# 2012 Cripple Creek Catfish Tournament Schedule



## hhca (Feb 20, 2012)

Cripple creek will host one a month and I will host one a month at Cripple Creek. Cripple creek is located 3 miles from Tappan lake. Sign-ups are at 4; weigh-in is 7:30 following morning. Additional info available at 740-922-0841
Here are the dates for cripple creek catfish tournaments 2012:
April 21,28
May19,26
June 9,16
July 21,28
August 4,11
September 1,8
October 6,20
Hope this helps some of you and look forward to seeing you _on the water!!!_:T


----------



## hhca (Feb 20, 2012)

first bump^


----------



## AkronCATS (Nov 5, 2008)

Are there different rules for different tournaments? what are the entry fees?


----------



## crappiecat (Sep 7, 2010)

Which ones are cripple Creek? and which ones are your's? A lot of people were complaining last year not knowing what was going on. They got diluted and had way less turnout from too many tourney's going on.


----------



## crappiecat (Sep 7, 2010)

Just found out yesterday there are actually 3 diff tourney's a month running out of Cripple.


----------



## willyb021 (Jun 1, 2009)

Anyone have the pics taken by the folks at cripple creek at the Jim Corey memorial tournament last year (2011) by any chance? 

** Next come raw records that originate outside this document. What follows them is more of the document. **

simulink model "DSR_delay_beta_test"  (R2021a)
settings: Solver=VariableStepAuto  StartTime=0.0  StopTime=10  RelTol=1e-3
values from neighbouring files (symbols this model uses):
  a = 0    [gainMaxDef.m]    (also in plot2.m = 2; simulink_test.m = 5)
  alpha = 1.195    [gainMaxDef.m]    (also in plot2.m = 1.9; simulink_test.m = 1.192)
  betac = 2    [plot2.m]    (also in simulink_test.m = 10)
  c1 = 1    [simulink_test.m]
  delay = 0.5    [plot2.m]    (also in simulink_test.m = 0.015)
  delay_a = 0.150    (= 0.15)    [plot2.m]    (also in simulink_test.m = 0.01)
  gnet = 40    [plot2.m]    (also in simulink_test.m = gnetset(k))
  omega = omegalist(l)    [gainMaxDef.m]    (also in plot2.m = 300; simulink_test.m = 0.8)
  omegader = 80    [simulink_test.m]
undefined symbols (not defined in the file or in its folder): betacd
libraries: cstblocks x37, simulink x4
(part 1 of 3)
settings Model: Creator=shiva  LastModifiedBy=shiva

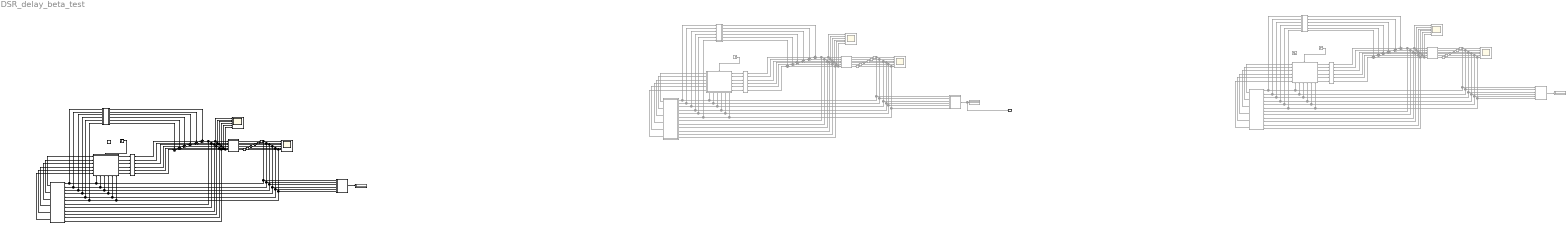
== system DSR_delay_beta_test ==
  note: DSR With CDOB
  note: DSR With CDOB
  note: DSR With CDOB
  CDOB_Subsys1 : Subsystem  Commented=on
  CDOB_Subsys2 : Subsystem  Commented=on
  CDOB_Subsys4 : Subsystem
  DSR_Input1 : Subsystem  Commented=on
      settings: PortSchema="{\"entries\":[{\"content\":{\"sides\":[{\"content\":{\"connectorIds\":[\"In1\",\"In2\",\"In3\",\"In4\",\"In5\",\"In6\"]},\"type\":\"ConnectorPlacement.EquallySpacedRectSide\",\"uuid\":\"7b8a38d4-2828-429e-a347-8750a0874c90\"},{\"content\":{\"connectorIds\":[\"Out1\",\"Out2\",\"Out3\",\"Out4\",\"Out5\",\"Out6\"],\"side\":\"RIGHT\"},\"type\":\"ConnectorPlacement.EquallySpacedRectSide\",\"uuid\":\"f1dcdaa7-0a93-43e2-be3b-ce942cee3b23\"},{\"content\":{\"connectorIds\":[\"In7\"],\"side\":\"TOP\"},\"type\":\"ConnectorPlacement.EquallySpacedRectSide\",\"uuid\":\"691a82b2-07cc-468b-b9a0-c0927a09fa47\"},{\"content\":{\"connectorIds\":[\"In8\",\"In9\",\"In10\",\"In11\",\"In12\",\"In13\"],\"side\":\"BOTTOM\"},\"type\":\"ConnectorPlacement.EquallySpacedRectSide\",\"uuid\":\"87ba8582-7e13-41cf-953e-972bab5f6463\"}]},\"type\":\"ConnectorPlacement.EquallySpacedConnector\",\"uuid\":\"6089c568-97aa-4e95-8448-5d1116d5973e\"}],\"packageUris\":[\"http://schema.mathworks.com/mf0/Connector/R2020b\"],\"version\":\"1.0\"}"
  DSR_Input2 : Subsystem  Commented=on
      settings: PortSchema="{\"entries\":[{\"content\":{\"sides\":[{\"content\":{\"connectorIds\":[\"In1\",\"In2\",\"In3\",\"In4\",\"In5\",\"In6\"]},\"type\":\"ConnectorPlacement.EquallySpacedRectSide\",\"uuid\":\"7b8a38d4-2828-429e-a347-8750a0874c90\"},{\"content\":{\"connectorIds\":[\"Out1\",\"Out2\",\"Out3\",\"Out4\",\"Out5\",\"Out6\"],\"side\":\"RIGHT\"},\"type\":\"ConnectorPlacement.EquallySpacedRectSide\",\"uuid\":\"f1dcdaa7-0a93-43e2-be3b-ce942cee3b23\"},{\"content\":{\"connectorIds\":[\"In7\"],\"side\":\"TOP\"},\"type\":\"ConnectorPlacement.EquallySpacedRectSide\",\"uuid\":\"691a82b2-07cc-468b-b9a0-c0927a09fa47\"},{\"content\":{\"connectorIds\":[\"In8\",\"In9\",\"In10\",\"In11\",\"In12\",\"In13\"],\"side\":\"BOTTOM\"},\"type\":\"ConnectorPlacement.EquallySpacedRectSide\",\"uuid\":\"87ba8582-7e13-41cf-953e-972bab5f6463\"}]},\"type\":\"ConnectorPlacement.EquallySpacedConnector\",\"uuid\":\"6089c568-97aa-4e95-8448-5d1116d5973e\"}],\"packageUris\":[\"http://schema.mathworks.com/mf0/Connector/R2020b\"],\"version\":\"1.0\"}"
  DSR_Input3 : Subsystem
      settings: PortSchema="{\"entries\":[{\"content\":{\"sides\":[{\"content\":{\"connectorIds\":[\"In1\",\"In2\",\"In3\",\"In4\",\"In5\",\"In6\"]},\"type\":\"ConnectorPlacement.EquallySpacedRectSide\",\"uuid\":\"7b8a38d4-2828-429e-a347-8750a0874c90\"},{\"content\":{\"connectorIds\":[\"Out1\",\"Out2\",\"Out3\",\"Out4\",\"Out5\",\"Out6\"],\"side\":\"RIGHT\"},\"type\":\"ConnectorPlacement.EquallySpacedRectSide\",\"uuid\":\"f1dcdaa7-0a93-43e2-be3b-ce942cee3b23\"},{\"content\":{\"connectorIds\":[\"In7\"],\"side\":\"TOP\"},\"type\":\"ConnectorPlacement.EquallySpacedRectSide\",\"uuid\":\"691a82b2-07cc-468b-b9a0-c0927a09fa47\"},{\"content\":{\"connectorIds\":[\"In8\",\"In9\",\"In10\",\"In11\",\"In12\",\"In13\"],\"side\":\"BOTTOM\"},\"type\":\"ConnectorPlacement.EquallySpacedRectSide\",\"uuid\":\"87ba8582-7e13-41cf-953e-972bab5f6463\"}]},\"type\":\"ConnectorPlacement.EquallySpacedConnector\",\"uuid\":\"6089c568-97aa-4e95-8448-5d1116d5973e\"}],\"packageUris\":[\"http://schema.mathworks.com/mf0/Connector/R2020b\"],\"version\":\"1.0\"}"
  Display1 : Display  Commented=on
  Display2 : Display
  Display3 : Display  Commented=on
  Max Deflection1 : Subsystem  Commented=on
  Max Deflection2 : Subsystem  Commented=on
  Max Deflection3 : Subsystem
  Ramp : simulink/Sources/Ramp  slope=1  start=0  InitialOutput=0
  Scope{1..4} (4 alike) : Scope  Commented=on  NumInputPorts=6
  Scope5 : Scope  NumInputPorts=6
  Scope6 : Scope  NumInputPorts=6
  Sine Wave1 : Sin  Commented=on  SampleTime=0
  StateDerivative1 : Subsystem  Commented=on
  StateDerivative2 : Subsystem  Commented=on
  StateDerivative3 : Subsystem
  Step1 : Step  Commented=on  Time=0  SampleTime=0
  Step2 : Step  Commented=on  Time=0  SampleTime=0
  Step3 : Step  Time=0  SampleTime=0
  Subsystem1 : Subsystem  Commented=on
  Subsystem2 : Subsystem
  Subsystem3 : Subsystem  Commented=on
  Sum{1..12} (12 alike) : Sum  Commented=on  Inputs=++|
  Sum{13..18} (6 alike) : Sum  Inputs=++|
  Transport Delay{1..12} (12 alike) : TransportDelay  Commented=on  DelayTime=delay_a
  Transport Delay{13..18} (6 alike) : TransportDelay  DelayTime=delay_a
  gain 1/a1 : Subsystem  Commented=on
  gain 1/a2 : Subsystem  Commented=on
  gain 1/a3 : Subsystem
  Output : Outport
  wires:
  Max Deflection1/1(y) -> Output/1, Display3/1
  Transport Delay3/1 -> StateDerivative1/2(Input1), CDOB_Subsys2/2(XRes1), DSR_Input1/9(s2), Max Deflection1/2(In2), Scope1/2
  Sum2/1 -> CDOB_Subsys2/8(Acc.1), Subsystem3/2(In2), Scope2/2
  DSR_Input1/1(Out1) -> gain 1/a1/1(In1)
  gain 1/a1/5(Out5) -> Sum5/2
  CDOB_Subsys2/4(FeedBack3) -> DSR_Input1/4(fb4)
  DSR_Input1/2(Out2) -> gain 1/a1/2(In2)
  Subsystem3/5(O5) -> Transport Delay11/1
  Subsystem3/2(O2) -> Transport Delay3/1
  DSR_Input1/4(Out4) -> gain 1/a1/4(In4)
  CDOB_Subsys2/1(FeedBack) -> DSR_Input1/1(fb1)
  gain 1/a1/6(Out6) -> Sum6/2
  Subsystem3/6(O6) -> Transport Delay2/1
  Sum4/1 -> CDOB_Subsys2/10(Acc.3), Scope2/4, Subsystem3/4(In4)
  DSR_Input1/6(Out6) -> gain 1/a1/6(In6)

Outdoor Hub mobile, the outdoor information engine


----------



## catfish_hunter (May 31, 2005)

Im not sure but I would say the first of the 2 dates are the actual "cripple creek" tournaments, and the 2nd is the other...There are a ton of tournaments out that way anymore...There was the Cripple ones last year, then another guy was running some from out there, and this year I guess Darlenes grandson is holding some too...


----------



## crappiecat (Sep 7, 2010)

catfish_hunter said:


> Im not sure but I would say the first of the 2 dates are the actual "cripple creek" tournaments, and the 2nd is the other...There are a ton of tournaments out that way anymore...There was the Cripple ones last year, then another guy was running some from out there, and this year I guess Darlenes grandson is holding some too...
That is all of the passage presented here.